*** Opening Given information ***

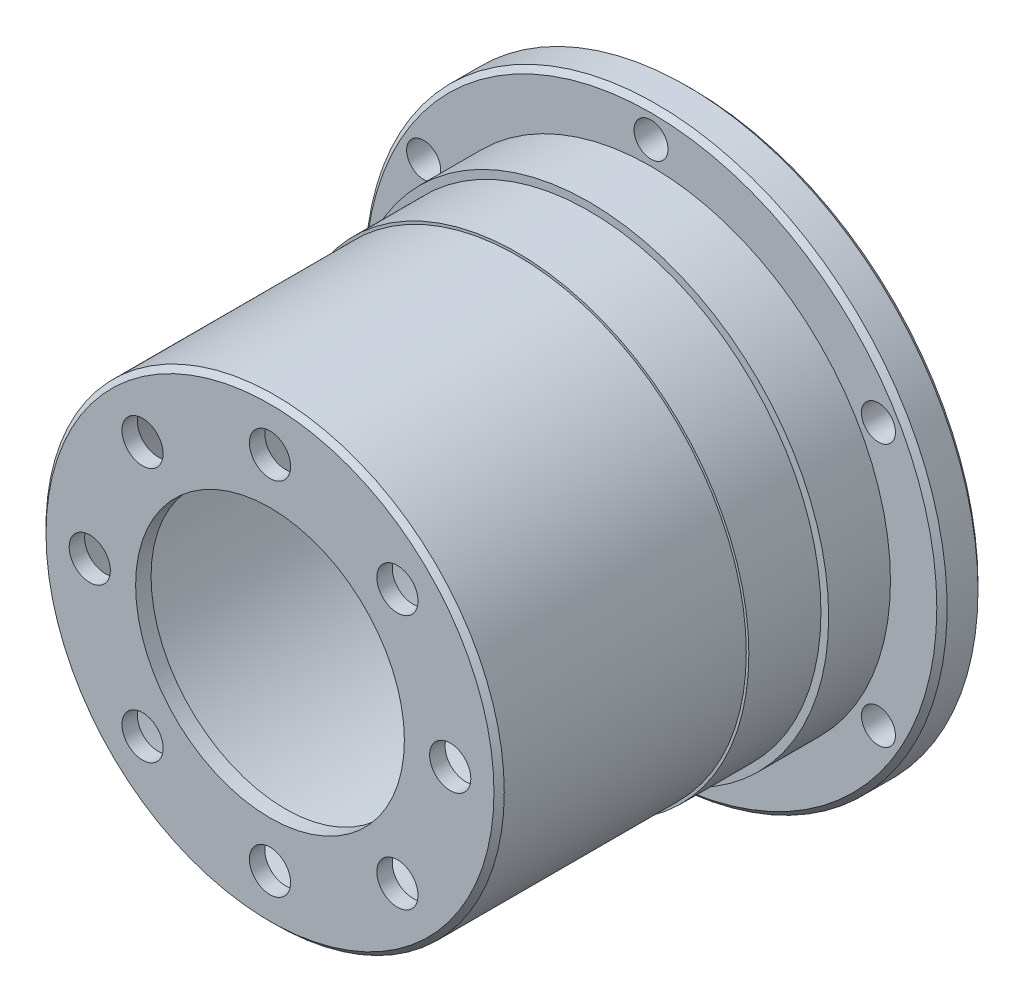
ISO-10303-21;
HEADER;
FILE_DESCRIPTION(('STEP AP214'),'2;1');
FILE_NAME('part.step','',(''),(''),'','','');
FILE_SCHEMA(('AUTOMOTIVE_DESIGN { 1 0 10303 214 1 1 1 1 }'));
ENDSEC;
DATA;
#1=APPLICATION_CONTEXT('core data for automotive mechanical design processes');
#2=APPLICATION_PROTOCOL_DEFINITION('international standard','automotive_design',2000,#1);
#3=PRODUCT_CONTEXT('',#1,'mechanical');
#4=PRODUCT('Part','Part','',(#3));
#5=PRODUCT_RELATED_PRODUCT_CATEGORY('part','',(#4));
#6=PRODUCT_DEFINITION_FORMATION('','',#4);
#7=PRODUCT_DEFINITION_CONTEXT('part definition',#1,'design');
#8=PRODUCT_DEFINITION('design','',#6,#7);
#9=PRODUCT_DEFINITION_SHAPE('','',#8);
#10=(LENGTH_UNIT() NAMED_UNIT(*) SI_UNIT(.MILLI.,.METRE.));
#11=(NAMED_UNIT(*) PLANE_ANGLE_UNIT() SI_UNIT($,.RADIAN.));
#12=(NAMED_UNIT(*) SI_UNIT($,.STERADIAN.) SOLID_ANGLE_UNIT());
#13=UNCERTAINTY_MEASURE_WITH_UNIT(LENGTH_MEASURE(1.E-05),#10,'distance_accuracy_value','');
#14=(GEOMETRIC_REPRESENTATION_CONTEXT(3) GLOBAL_UNCERTAINTY_ASSIGNED_CONTEXT((#13)) GLOBAL_UNIT_ASSIGNED_CONTEXT((#10,
#11,#12)) REPRESENTATION_CONTEXT('',''));
#15=CARTESIAN_POINT('',(0.,0.,0.));
#16=DIRECTION('',(0.,0.,1.));
#17=DIRECTION('',(1.,0.,0.));
#18=AXIS2_PLACEMENT_3D('',#15,#16,#17);
#19=CARTESIAN_POINT('',(0.,0.,10.));
#20=DIRECTION('',(0.,0.,1.));
#21=DIRECTION('',(1.,0.,0.));
#22=AXIS2_PLACEMENT_3D('',#19,#20,#21);
#23=PLANE('',#22);
#24=CARTESIAN_POINT('',(0.,0.,10.));
#25=DIRECTION('',(0.,0.,1.));
#26=DIRECTION('',(1.,0.,0.));
#27=AXIS2_PLACEMENT_3D('',#24,#25,#26);
#28=CIRCLE('',#27,23.25);
#29=CARTESIAN_POINT('',(23.25,0.,10.));
#30=VERTEX_POINT('',#29);
#31=EDGE_CURVE('E96',#30,#30,#28,.T.);
#32=ORIENTED_EDGE('',*,*,#31,.T.);
#33=EDGE_LOOP('',(#32));
#34=FACE_BOUND('',#33,.T.);
#35=CARTESIAN_POINT('',(0.,0.,10.));
#36=DIRECTION('',(0.,0.,1.));
#37=DIRECTION('',(1.,0.,0.));
#38=AXIS2_PLACEMENT_3D('',#35,#36,#37);
#39=CIRCLE('',#38,22.5);
#40=CARTESIAN_POINT('',(22.5,0.,10.));
#41=VERTEX_POINT('',#40);
#42=EDGE_CURVE('E102',#41,#41,#39,.T.);
#43=ORIENTED_EDGE('',*,*,#42,.F.);
#44=EDGE_LOOP('',(#43));
#45=FACE_BOUND('',#44,.T.);
#46=ADVANCED_FACE('F40',(#34,#45),#23,.T.);
#47=CARTESIAN_POINT('',(0.,0.,4.));
#48=DIRECTION('',(0.,0.,-1.));
#49=DIRECTION('',(-1.,0.,0.));
#50=AXIS2_PLACEMENT_3D('',#47,#48,#49);
#51=PLANE('',#50);
#52=CARTESIAN_POINT('',(0.,0.,4.));
#53=DIRECTION('',(0.,0.,-1.));
#54=DIRECTION('',(-1.,0.,0.));
#55=AXIS2_PLACEMENT_3D('',#52,#53,#54);
#56=CIRCLE('',#55,27.75);
#57=CARTESIAN_POINT('',(-27.75,0.,4.));
#58=VERTEX_POINT('',#57);
#59=EDGE_CURVE('E11',#58,#58,#56,.F.);
#60=ORIENTED_EDGE('',*,*,#59,.T.);
#61=EDGE_LOOP('',(#60));
#62=FACE_BOUND('',#61,.T.);
#63=CARTESIAN_POINT('',(22.083647796503,12.7500000000003,4.));
#64=DIRECTION('',(0.,0.,1.));
#65=DIRECTION('',(1.,0.,0.));
#66=AXIS2_PLACEMENT_3D('',#63,#64,#65);
#67=CIRCLE('',#66,1.65);
#68=CARTESIAN_POINT('',(23.733647796503,12.7500000000003,4.));
#69=VERTEX_POINT('',#68);
#70=EDGE_CURVE('E78',#69,#69,#67,.T.);
#71=ORIENTED_EDGE('',*,*,#70,.F.);
#72=EDGE_LOOP('',(#71));
#73=FACE_BOUND('',#72,.T.);
#74=CARTESIAN_POINT('',(22.0836477965033,-12.7499999999998,4.));
#75=DIRECTION('',(0.,0.,1.));
#76=DIRECTION('',(1.,0.,0.));
#77=AXIS2_PLACEMENT_3D('',#74,#75,#76);
#78=CIRCLE('',#77,1.65);
#79=CARTESIAN_POINT('',(23.7336477965033,-12.7499999999998,4.));
#80=VERTEX_POINT('',#79);
#81=EDGE_CURVE('E77',#80,#80,#78,.T.);
#82=ORIENTED_EDGE('',*,*,#81,.F.);
#83=EDGE_LOOP('',(#82));
#84=FACE_BOUND('',#83,.T.);
#85=CARTESIAN_POINT('',(0.,-25.5,4.));
#86=DIRECTION('',(0.,0.,1.));
#87=DIRECTION('',(1.,0.,0.));
#88=AXIS2_PLACEMENT_3D('',#85,#86,#87);
#89=CIRCLE('',#88,1.65);
#90=CARTESIAN_POINT('',(1.65,-25.5,4.));
#91=VERTEX_POINT('',#90);
#92=EDGE_CURVE('E82',#91,#91,#89,.T.);
#93=ORIENTED_EDGE('',*,*,#92,.F.);
#94=EDGE_LOOP('',(#93));
#95=FACE_BOUND('',#94,.T.);
#96=CARTESIAN_POINT('',(-22.0836477965031,-12.7500000000001,4.));
#97=DIRECTION('',(0.,0.,1.));
#98=DIRECTION('',(1.,0.,0.));
#99=AXIS2_PLACEMENT_3D('',#96,#97,#98);
#100=CIRCLE('',#99,1.65);
#101=CARTESIAN_POINT('',(-20.4336477965031,-12.7500000000001,4.));
#102=VERTEX_POINT('',#101);
#103=EDGE_CURVE('E86',#102,#102,#100,.T.);
#104=ORIENTED_EDGE('',*,*,#103,.F.);
#105=EDGE_LOOP('',(#104));
#106=FACE_BOUND('',#105,.T.);
#107=CARTESIAN_POINT('',(-22.0836477965032,12.7499999999999,4.));
#108=DIRECTION('',(0.,0.,1.));
#109=DIRECTION('',(1.,0.,0.));
#110=AXIS2_PLACEMENT_3D('',#107,#108,#109);
#111=CIRCLE('',#110,1.65);
#112=CARTESIAN_POINT('',(-20.4336477965032,12.7499999999999,4.));
#113=VERTEX_POINT('',#112);
#114=EDGE_CURVE('E167',#113,#113,#111,.T.);
#115=ORIENTED_EDGE('',*,*,#114,.F.);
#116=EDGE_LOOP('',(#115));
#117=FACE_BOUND('',#116,.T.);
#118=CARTESIAN_POINT('',(0.,25.5,4.));
#119=DIRECTION('',(0.,0.,1.));
#120=DIRECTION('',(1.,0.,0.));
#121=AXIS2_PLACEMENT_3D('',#118,#119,#120);
#122=CIRCLE('',#121,1.65);
#123=CARTESIAN_POINT('',(1.65,25.5,4.));
#124=VERTEX_POINT('',#123);
#125=EDGE_CURVE('E161',#124,#124,#122,.T.);
#126=ORIENTED_EDGE('',*,*,#125,.F.);
#127=EDGE_LOOP('',(#126));
#128=FACE_BOUND('',#127,.T.);
#129=CARTESIAN_POINT('',(0.,0.,4.));
#130=DIRECTION('',(0.,0.,-1.));
#131=DIRECTION('',(-1.,0.,0.));
#132=AXIS2_PLACEMENT_3D('',#129,#130,#131);
#133=CIRCLE('',#132,23.25);
#134=CARTESIAN_POINT('',(-23.25,0.,4.));
#135=VERTEX_POINT('',#134);
#136=EDGE_CURVE('E73',#135,#135,#133,.F.);
#137=ORIENTED_EDGE('',*,*,#136,.F.);
#138=EDGE_LOOP('',(#137));
#139=FACE_BOUND('',#138,.T.);
#140=ADVANCED_FACE('F185',(#62,#73,#84,#95,#106,#117,#128,#139),#51,.F.);
#141=CARTESIAN_POINT('',(0.,0.,41.));
#142=DIRECTION('',(0.,0.,-1.));
#143=DIRECTION('',(-1.,0.,0.));
#144=AXIS2_PLACEMENT_3D('',#141,#142,#143);
#145=CYLINDRICAL_SURFACE('',#144,22.25);
#146=CARTESIAN_POINT('',(0.,0.,40.5));
#147=DIRECTION('',(0.,0.,1.));
#148=DIRECTION('',(1.,0.,0.));
#149=AXIS2_PLACEMENT_3D('',#146,#147,#148);
#150=CIRCLE('',#149,22.25);
#151=CARTESIAN_POINT('',(22.25,0.,40.5));
#152=VERTEX_POINT('',#151);
#153=EDGE_CURVE('E67',#152,#152,#150,.F.);
#154=ORIENTED_EDGE('',*,*,#153,.T.);
#155=EDGE_LOOP('',(#154));
#156=FACE_BOUND('',#155,.T.);
#157=CARTESIAN_POINT('',(0.,0.,17.));
#158=DIRECTION('',(0.,0.,1.));
#159=DIRECTION('',(1.,0.,0.));
#160=AXIS2_PLACEMENT_3D('',#157,#158,#159);
#161=CIRCLE('',#160,22.25);
#162=CARTESIAN_POINT('',(22.25,0.,17.));
#163=VERTEX_POINT('',#162);
#164=EDGE_CURVE('E105',#163,#163,#161,.T.);
#165=ORIENTED_EDGE('',*,*,#164,.T.);
#166=EDGE_LOOP('',(#165));
#167=FACE_BOUND('',#166,.T.);
#168=ADVANCED_FACE('F188',(#156,#167),#145,.T.);
#169=CARTESIAN_POINT('',(0.,0.,41.));
#170=DIRECTION('',(0.,0.,-1.));
#171=DIRECTION('',(-1.,0.,0.));
#172=AXIS2_PLACEMENT_3D('',#169,#170,#171);
#173=CYLINDRICAL_SURFACE('',#172,21.05);
#174=CARTESIAN_POINT('',(0.,0.,0.500000000000007));
#175=DIRECTION('',(0.,0.,1.));
#176=DIRECTION('',(1.,0.,0.));
#177=AXIS2_PLACEMENT_3D('',#174,#175,#176);
#178=CIRCLE('',#177,21.05);
#179=CARTESIAN_POINT('',(21.05,0.,0.500000000000007));
#180=VERTEX_POINT('',#179);
#181=EDGE_CURVE('E56',#180,#180,#178,.F.);
#182=ORIENTED_EDGE('',*,*,#181,.T.);
#183=EDGE_LOOP('',(#182));
#184=FACE_BOUND('',#183,.T.);
#185=CARTESIAN_POINT('',(0.,0.,39.5));
#186=DIRECTION('',(0.,0.,1.));
#187=DIRECTION('',(1.,0.,0.));
#188=AXIS2_PLACEMENT_3D('',#185,#186,#187);
#189=CIRCLE('',#188,21.05);
#190=CARTESIAN_POINT('',(21.05,0.,39.5));
#191=VERTEX_POINT('',#190);
#192=EDGE_CURVE('E89',#191,#191,#189,.T.);
#193=ORIENTED_EDGE('',*,*,#192,.T.);
#194=EDGE_LOOP('',(#193));
#195=FACE_BOUND('',#194,.T.);
#196=ADVANCED_FACE('F344',(#184,#195),#173,.F.);
#197=CARTESIAN_POINT('',(0.,0.,41.));
#198=DIRECTION('',(0.,0.,1.));
#199=DIRECTION('',(1.,0.,0.));
#200=AXIS2_PLACEMENT_3D('',#197,#198,#199);
#201=PLANE('',#200);
#202=CARTESIAN_POINT('',(0.,0.,41.));
#203=DIRECTION('',(0.,0.,1.));
#204=DIRECTION('',(1.,0.,0.));
#205=AXIS2_PLACEMENT_3D('',#202,#203,#204);
#206=CIRCLE('',#205,21.75);
#207=CARTESIAN_POINT('',(21.75,0.,41.));
#208=VERTEX_POINT('',#207);
#209=EDGE_CURVE('E70',#208,#208,#206,.T.);
#210=ORIENTED_EDGE('',*,*,#209,.T.);
#211=EDGE_LOOP('',(#210));
#212=FACE_BOUND('',#211,.T.);
#213=CARTESIAN_POINT('',(0.,-17.5,41.));
#214=DIRECTION('',(0.,0.,1.));
#215=DIRECTION('',(1.,0.,0.));
#216=AXIS2_PLACEMENT_3D('',#213,#214,#215);
#217=CIRCLE('',#216,2.);
#218=CARTESIAN_POINT('',(2.,-17.5,41.));
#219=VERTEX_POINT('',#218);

*** Closing Given information ***

What to work on:
Out of the data above, give again only the lines starting at the one holding "#58=VERTEX_POINT('',#57);" and ending at the one holding "#68=CARTESIAN_POINT('',(23.733647796503,12.7500000000003,4.));", unchanged.

Result of the exercise:
#58=VERTEX_POINT('',#57);
#59=EDGE_CURVE('E11',#58,#58,#56,.F.);
#60=ORIENTED_EDGE('',*,*,#59,.T.);
#61=EDGE_LOOP('',(#60));
#62=FACE_BOUND('',#61,.T.);
#63=CARTESIAN_POINT('',(22.083647796503,12.7500000000003,4.));
#64=DIRECTION('',(0.,0.,1.));
#65=DIRECTION('',(1.,0.,0.));
#66=AXIS2_PLACEMENT_3D('',#63,#64,#65);
#67=CIRCLE('',#66,1.65);
#68=CARTESIAN_POINT('',(23.733647796503,12.7500000000003,4.));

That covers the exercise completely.